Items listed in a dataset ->
╔══

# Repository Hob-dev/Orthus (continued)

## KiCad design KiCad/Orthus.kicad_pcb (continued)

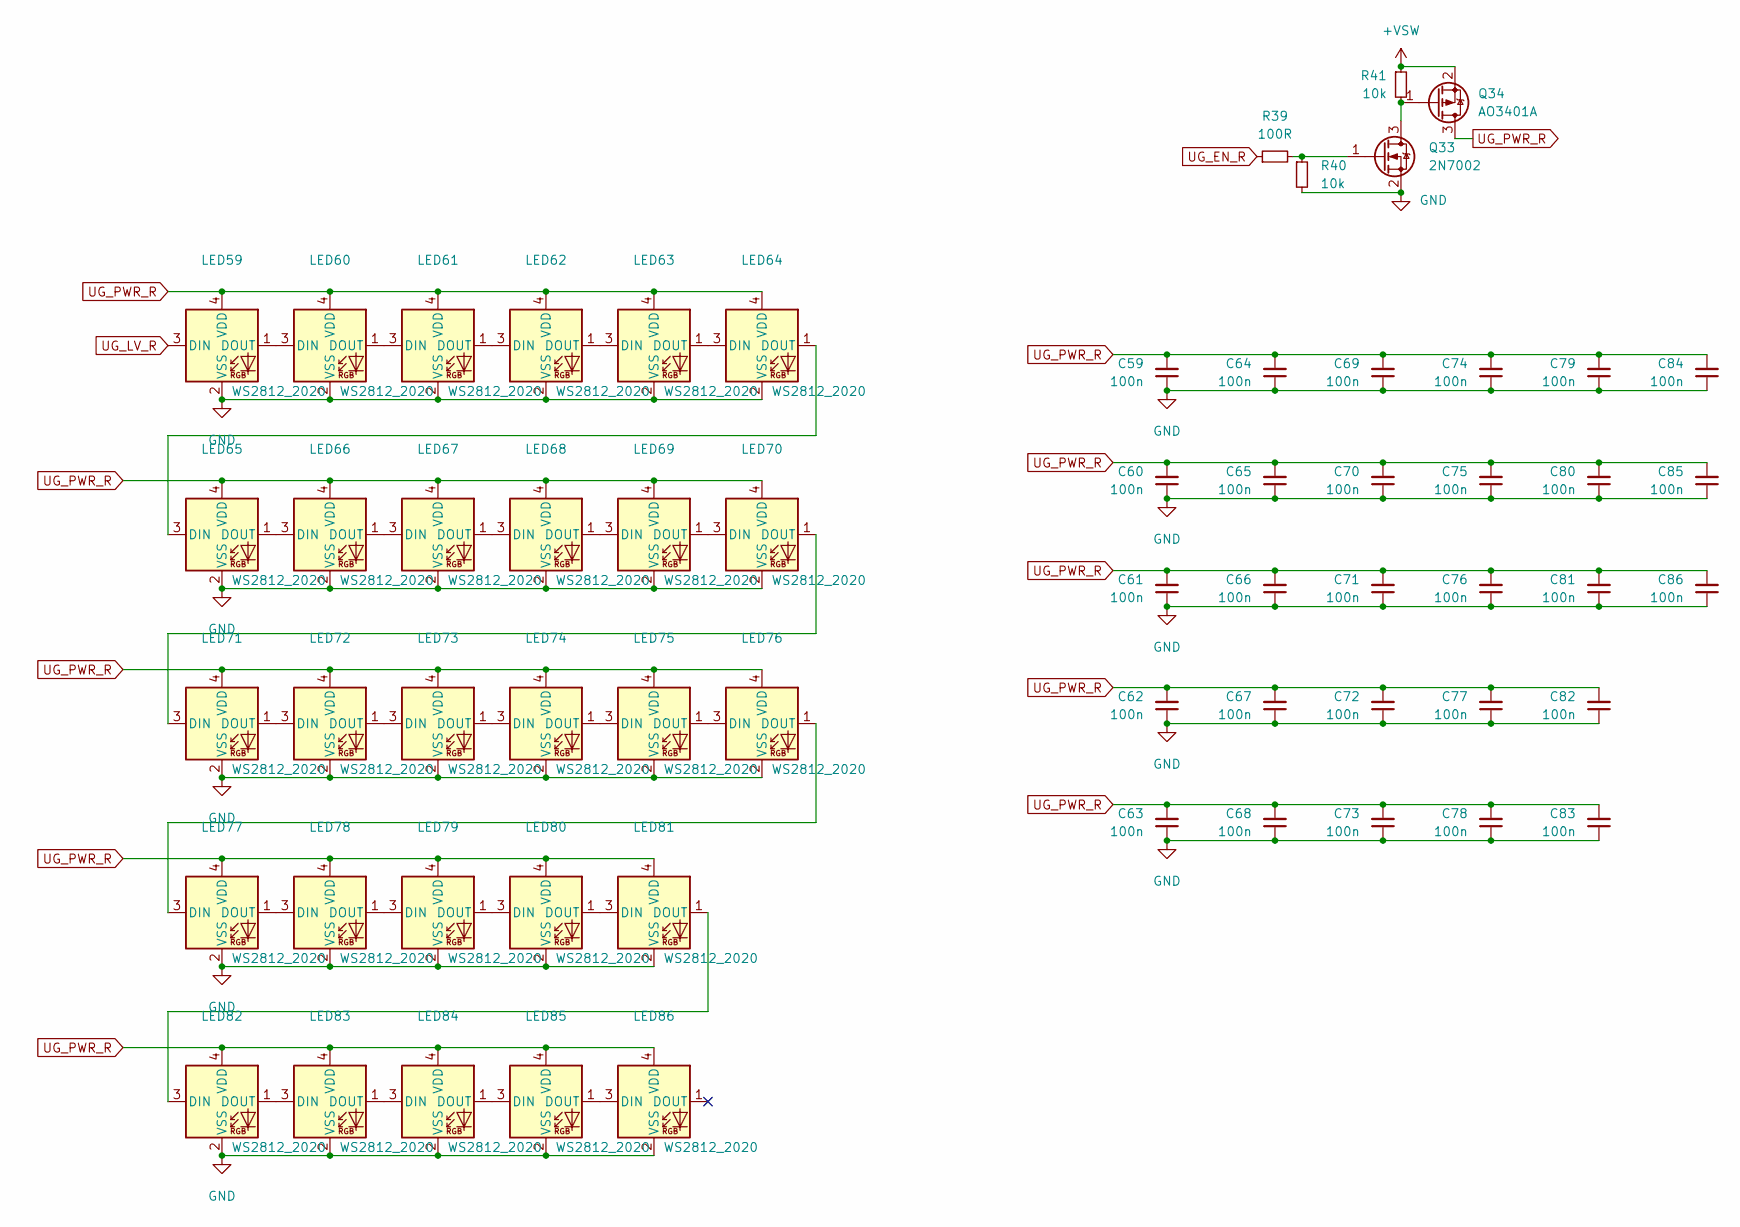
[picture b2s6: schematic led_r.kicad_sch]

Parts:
C59, C60, C61, C62, C63, C64, C65, C66, C67, C68, C69, C70, C71, C72, C73, C74, C75, C76, C77, C78, C79, C80, C81, C82, C83, C84, C85, C86: 100n; C_0402_1005Metric
LED59, LED60, LED61, LED62, LED63, LED64, LED65, LED66, LED67, LED68, LED69, LED70, LED71, LED72, LED73, LED74, LED75, LED76, LED77, LED78, LED79, LED80, LED81, LED82, LED83, LED84, LED85, LED86: WS2812_2020; YS-SK6812MINI-E
Q33: 2N7002; SOT-23
Q34: AO3401A; SOT-23
R39: 100R; R_0402_1005Metric
R40, R41: 10k; R_0402_1005Metric

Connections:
+VSW: Q34.2 (S), R41.1; also elsewhere on the board
GND: C59.1, C60.1, C61.1, C62.1, C63.1, C64.1, C65.1, C66.1, C67.1, C68.1, C69.1, C70.1, C71.1, C72.1, C73.1, C74.1, C75.1, C76.1, C77.1, C78.1, C79.1, C80.1, C81.1, C82.1, C83.1, C84.1, C85.1, C86.1, LED59.2 (VSS), LED60.2 (VSS), LED61.2 (VSS), LED62.2 (VSS), LED63.2 (VSS), LED64.2 (VSS), LED65.2 (VSS), LED66.2 (VSS), LED67.2 (VSS), LED68.2 (VSS), LED69.2 (VSS), LED70.2 (VSS), LED71.2 (VSS), LED72.2 (VSS), LED73.2 (VSS), LED74.2 (VSS), LED75.2 (VSS), LED76.2 (VSS), LED77.2 (VSS), LED78.2 (VSS), LED79.2 (VSS), LED80.2 (VSS), LED81.2 (VSS), LED82.2 (VSS), LED83.2 (VSS), LED84.2 (VSS), LED85.2 (VSS), LED86.2 (VSS), Q33.2 (S), R40.2; also elsewhere on the board
unnamed: LED59.1 (DOUT), LED60.3 (DIN)
unnamed: LED60.1 (DOUT), LED61.3 (DIN)
unnamed: LED61.1 (DOUT), LED62.3 (DIN)
unnamed: LED62.1 (DOUT), LED63.3 (DIN)
unnamed: LED63.1 (DOUT), LED64.3 (DIN)
unnamed: LED64.1 (DOUT), LED65.3 (DIN)
unnamed: LED65.1 (DOUT), LED66.3 (DIN)
unnamed: LED66.1 (DOUT), LED67.3 (DIN)
unnamed: LED67.1 (DOUT), LED68.3 (DIN)
unnamed: LED68.1 (DOUT), LED69.3 (DIN)
unnamed: LED69.1 (DOUT), LED70.3 (DIN)
unnamed: LED70.1 (DOUT), LED71.3 (DIN)
unnamed: LED71.1 (DOUT), LED72.3 (DIN)
unnamed: LED72.1 (DOUT), LED73.3 (DIN)
unnamed: LED73.1 (DOUT), LED74.3 (DIN)
unnamed: LED74.1 (DOUT), LED75.3 (DIN)
unnamed: LED75.1 (DOUT), LED76.3 (DIN)
unnamed: LED76.1 (DOUT), LED77.3 (DIN)
unnamed: LED77.1 (DOUT), LED78.3 (DIN)
unnamed: LED78.1 (DOUT), LED79.3 (DIN)
unnamed: LED79.1 (DOUT), LED80.3 (DIN)
unnamed: LED80.1 (DOUT), LED81.3 (DIN)
unnamed: LED81.1 (DOUT), LED82.3 (DIN)
unnamed: LED82.1 (DOUT), LED83.3 (DIN)
unnamed: LED83.1 (DOUT), LED84.3 (DIN)
unnamed: LED84.1 (DOUT), LED85.3 (DIN)
unnamed: LED85.1 (DOUT), LED86.3 (DIN)
unnamed: Q33.3 (D), Q34.1 (G), R41.2
unnamed: Q33.1 (G), R39.2, R40.1
UG_EN_R: R39.1
UG_LV_R: LED59.3 (DIN)
UG_PWR_R: C59.2, C60.2, C61.2, C62.2, C63.2, C64.2, C65.2, C66.2, C67.2, C68.2, C69.2, C70.2, C71.2, C72.2, C73.2, C74.2, C75.2, C76.2, C77.2, C78.2, C79.2, C80.2, C81.2, C82.2, C83.2, C84.2, C85.2, C86.2, LED59.4 (VDD), LED60.4 (VDD), LED61.4 (VDD), LED62.4 (VDD), LED63.4 (VDD), LED64.4 (VDD), LED65.4 (VDD), LED66.4 (VDD), LED67.4 (VDD), LED68.4 (VDD), LED69.4 (VDD), LED70.4 (VDD), LED71.4 (VDD), LED72.4 (VDD), LED73.4 (VDD), LED74.4 (VDD), LED75.4 (VDD), LED76.4 (VDD), LED77.4 (VDD), LED78.4 (VDD), LED79.4 (VDD), LED80.4 (VDD), LED81.4 (VDD), LED82.4 (VDD), LED83.4 (VDD), LED84.4 (VDD), LED85.4 (VDD), LED86.4 (VDD), Q34.3 (D)

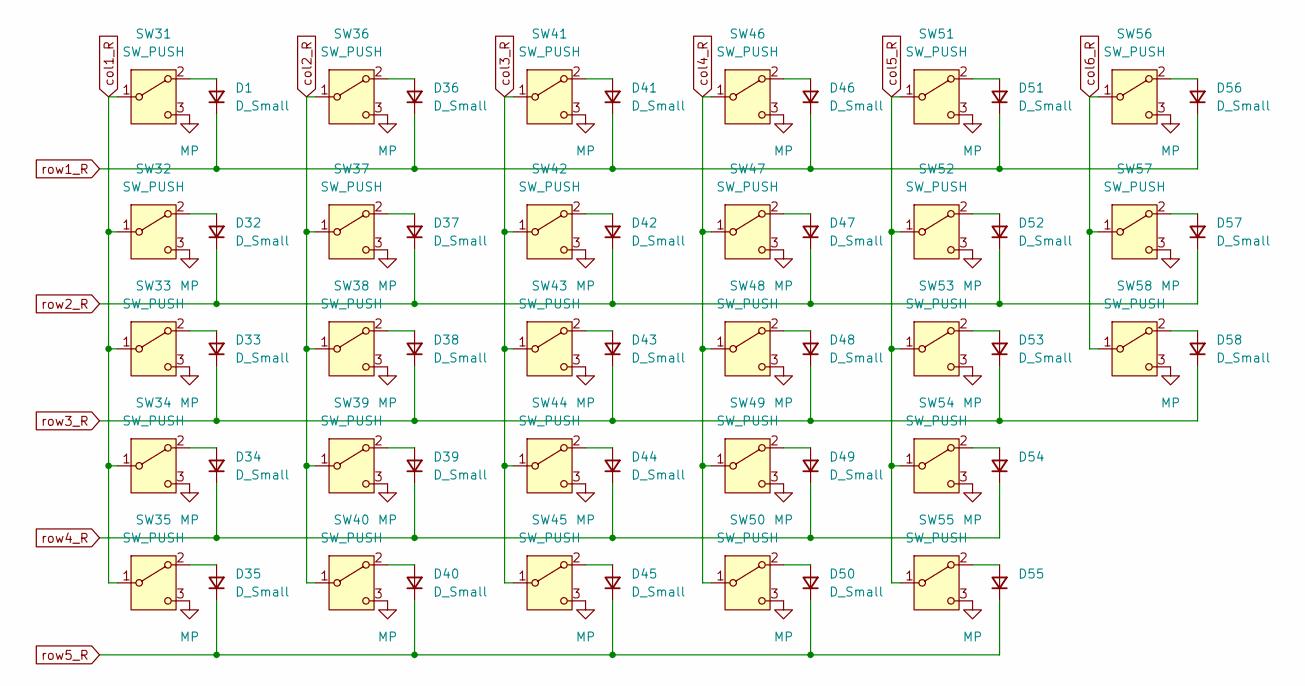
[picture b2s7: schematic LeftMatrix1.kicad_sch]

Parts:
D1, D32, D33, D34, D35, D36, D37, D38, D39, D40, D41, D42, D43, D44, D45, D46, D47, D48, D49, D50, D51, D52, D53, D54, D55, D56, D57, D58: D_Small; D_SOD-123
SW31, SW32, SW33, SW34, SW35, SW36, SW37, SW38, SW39, SW40, SW41, SW42, SW43, SW44, SW45, SW46, SW47, SW48, SW49, SW50, SW51, SW52, SW53, SW54, SW55, SW56, SW57, SW58: SW_PUSH; HOB_CHOC_V1&V2

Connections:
unnamed: D32.2 (A), SW32.2 (A)
unnamed: D33.2 (A), SW33.2 (A)
unnamed: D34.2 (A), SW34.2 (A)
unnamed: D35.2 (A), SW35.2 (A)
unnamed: D36.2 (A), SW36.2 (A)
unnamed: D37.2 (A), SW37.2 (A)
unnamed: D38.2 (A), SW38.2 (A)
unnamed: D39.2 (A), SW39.2 (A)
unnamed: D40.2 (A), SW40.2 (A)
unnamed: D41.2 (A), SW41.2 (A)
unnamed: D42.2 (A), SW42.2 (A)
unnamed: D43.2 (A), SW43.2 (A)
unnamed: D44.2 (A), SW44.2 (A)
unnamed: D45.2 (A), SW45.2 (A)
unnamed: D46.2 (A), SW46.2 (A)
unnamed: D47.2 (A), SW47.2 (A)
unnamed: D48.2 (A), SW48.2 (A)
unnamed: D49.2 (A), SW49.2 (A)
unnamed: D50.2 (A), SW50.2 (A)
unnamed: D51.2 (A), SW51.2 (A)
unnamed: D52.2 (A), SW52.2 (A)
unnamed: D53.2 (A), SW53.2 (A)
unnamed: D54.2 (A), SW54.2 (A)
unnamed: D55.2 (A), SW55.2 (A)
unnamed: D56.2 (A), SW56.2 (A)
unnamed: D57.2 (A), SW57.2 (A)
unnamed: D58.2 (A), SW58.2 (A)
col1_R: SW31.1 (B), SW32.1 (B), SW33.1 (B), SW34.1 (B), SW35.1 (B); also elsewhere on the board
col2_R: SW36.1 (B), SW37.1 (B), SW38.1 (B), SW39.1 (B), SW40.1 (B); also elsewhere on the board
col3_R: SW41.1 (B), SW42.1 (B), SW43.1 (B), SW44.1 (B), SW45.1 (B); also elsewhere on the board
col4_R: SW46.1 (B), SW47.1 (B), SW48.1 (B), SW49.1 (B), SW50.1 (B); also elsewhere on the board
col5_R: SW51.1 (B), SW52.1 (B), SW53.1 (B), SW54.1 (B), SW55.1 (B); also elsewhere on the board
col6_R: SW56.1 (B), SW57.1 (B), SW58.1 (B); also elsewhere on the board
row2_R: D32.1 (K), D37.1 (K), D42.1 (K), D47.1 (K), D52.1 (K), D57.1 (K); also elsewhere on the board
row3_R: D33.1 (K), D38.1 (K), D43.1 (K), D48.1 (K), D53.1 (K), D58.1 (K); also elsewhere on the board
row4_R: D34.1 (K), D39.1 (K), D44.1 (K), D49.1 (K), D54.1 (K); also elsewhere on the board
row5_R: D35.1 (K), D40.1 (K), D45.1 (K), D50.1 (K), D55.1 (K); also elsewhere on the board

╚══

Aim of the exercise ->
All lines above from the one containing "unnamed: D36.2 (A), SW36.2 (A)" to the one containing "unnamed: D51.2 (A), SW51.2 (A)" must be repeated exactly, both lines included, and no others.

Completed task ->
unnamed: D36.2 (A), SW36.2 (A)
unnamed: D37.2 (A), SW37.2 (A)
unnamed: D38.2 (A), SW38.2 (A)
unnamed: D39.2 (A), SW39.2 (A)
unnamed: D40.2 (A), SW40.2 (A)
unnamed: D41.2 (A), SW41.2 (A)
unnamed: D42.2 (A), SW42.2 (A)
unnamed: D43.2 (A), SW43.2 (A)
unnamed: D44.2 (A), SW44.2 (A)
unnamed: D45.2 (A), SW45.2 (A)
unnamed: D46.2 (A), SW46.2 (A)
unnamed: D47.2 (A), SW47.2 (A)
unnamed: D48.2 (A), SW48.2 (A)
unnamed: D49.2 (A), SW49.2 (A)
unnamed: D50.2 (A), SW50.2 (A)
unnamed: D51.2 (A), SW51.2 (A)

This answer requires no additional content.